LISTED RECORDS below:
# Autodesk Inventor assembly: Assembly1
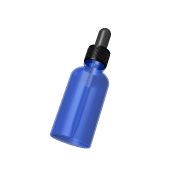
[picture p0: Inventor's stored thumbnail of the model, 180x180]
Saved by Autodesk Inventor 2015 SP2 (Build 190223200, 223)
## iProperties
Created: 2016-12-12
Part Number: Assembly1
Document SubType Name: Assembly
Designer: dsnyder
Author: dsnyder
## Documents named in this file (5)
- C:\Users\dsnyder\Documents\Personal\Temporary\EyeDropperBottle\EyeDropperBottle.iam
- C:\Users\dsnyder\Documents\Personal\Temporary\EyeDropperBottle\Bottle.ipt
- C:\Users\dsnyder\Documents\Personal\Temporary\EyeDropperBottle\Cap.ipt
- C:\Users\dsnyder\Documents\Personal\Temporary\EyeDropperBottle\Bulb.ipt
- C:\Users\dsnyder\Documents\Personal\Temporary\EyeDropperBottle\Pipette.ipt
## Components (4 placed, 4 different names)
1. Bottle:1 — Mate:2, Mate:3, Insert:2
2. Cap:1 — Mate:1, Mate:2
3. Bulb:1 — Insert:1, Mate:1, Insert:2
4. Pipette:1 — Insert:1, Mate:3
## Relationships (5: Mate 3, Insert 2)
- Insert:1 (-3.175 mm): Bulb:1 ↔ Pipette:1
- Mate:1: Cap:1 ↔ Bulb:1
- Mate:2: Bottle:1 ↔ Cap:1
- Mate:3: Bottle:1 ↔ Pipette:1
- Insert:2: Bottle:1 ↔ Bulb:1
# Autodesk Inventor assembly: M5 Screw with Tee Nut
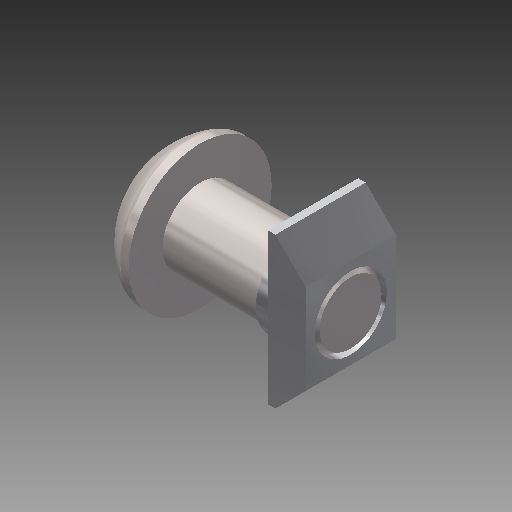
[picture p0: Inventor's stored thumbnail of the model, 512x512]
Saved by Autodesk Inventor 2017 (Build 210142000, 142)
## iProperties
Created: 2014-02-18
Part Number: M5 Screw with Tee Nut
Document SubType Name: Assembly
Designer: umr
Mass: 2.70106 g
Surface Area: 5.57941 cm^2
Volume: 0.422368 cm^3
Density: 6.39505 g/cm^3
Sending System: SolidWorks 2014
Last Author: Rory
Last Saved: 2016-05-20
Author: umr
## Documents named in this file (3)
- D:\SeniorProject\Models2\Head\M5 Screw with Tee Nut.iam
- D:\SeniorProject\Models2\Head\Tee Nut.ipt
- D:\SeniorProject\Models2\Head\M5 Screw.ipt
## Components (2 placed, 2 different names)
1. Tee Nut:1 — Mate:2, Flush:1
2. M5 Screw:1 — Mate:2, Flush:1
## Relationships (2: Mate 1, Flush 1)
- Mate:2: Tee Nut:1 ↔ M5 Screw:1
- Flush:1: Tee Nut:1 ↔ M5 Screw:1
End of LISTED RECORDS.
WORK ORDER ▸
The records above need retyping in full. Omit the pictures, and change nothing else.

COMPLETED EXERCISE ▸
# Autodesk Inventor assembly: Assembly1
[picture p0: Inventor's stored thumbnail of the model, 180x180]
Saved by Autodesk Inventor 2015 SP2 (Build 190223200, 223)
## iProperties
Created: 2016-12-12
Part Number: Assembly1
Document SubType Name: Assembly
Designer: dsnyder
Author: dsnyder
## Documents named in this file (5)
- C:\Users\dsnyder\Documents\Personal\Temporary\EyeDropperBottle\EyeDropperBottle.iam
- C:\Users\dsnyder\Documents\Personal\Temporary\EyeDropperBottle\Bottle.ipt
- C:\Users\dsnyder\Documents\Personal\Temporary\EyeDropperBottle\Cap.ipt
- C:\Users\dsnyder\Documents\Personal\Temporary\EyeDropperBottle\Bulb.ipt
- C:\Users\dsnyder\Documents\Personal\Temporary\EyeDropperBottle\Pipette.ipt
## Components (4 placed, 4 different names)
1. Bottle:1 — Mate:2, Mate:3, Insert:2
2. Cap:1 — Mate:1, Mate:2
3. Bulb:1 — Insert:1, Mate:1, Insert:2
4. Pipette:1 — Insert:1, Mate:3
## Relationships (5: Mate 3, Insert 2)
- Insert:1 (-3.175 mm): Bulb:1 ↔ Pipette:1
- Mate:1: Cap:1 ↔ Bulb:1
- Mate:2: Bottle:1 ↔ Cap:1
- Mate:3: Bottle:1 ↔ Pipette:1
- Insert:2: Bottle:1 ↔ Bulb:1
# Autodesk Inventor assembly: M5 Screw with Tee Nut
[picture p0: Inventor's stored thumbnail of the model, 512x512]
Saved by Autodesk Inventor 2017 (Build 210142000, 142)
## iProperties
Created: 2014-02-18
Part Number: M5 Screw with Tee Nut
Document SubType Name: Assembly
Designer: umr
Mass: 2.70106 g
Surface Area: 5.57941 cm^2
Volume: 0.422368 cm^3
Density: 6.39505 g/cm^3
Sending System: SolidWorks 2014
Last Author: Rory
Last Saved: 2016-05-20
Author: umr
## Documents named in this file (3)
- D:\SeniorProject\Models2\Head\M5 Screw with Tee Nut.iam
- D:\SeniorProject\Models2\Head\Tee Nut.ipt
- D:\SeniorProject\Models2\Head\M5 Screw.ipt
## Components (2 placed, 2 different names)
1. Tee Nut:1 — Mate:2, Flush:1
2. M5 Screw:1 — Mate:2, Flush:1
## Relationships (2: Mate 1, Flush 1)
- Mate:2: Tee Nut:1 ↔ M5 Screw:1
- Flush:1: Tee Nut:1 ↔ M5 Screw:1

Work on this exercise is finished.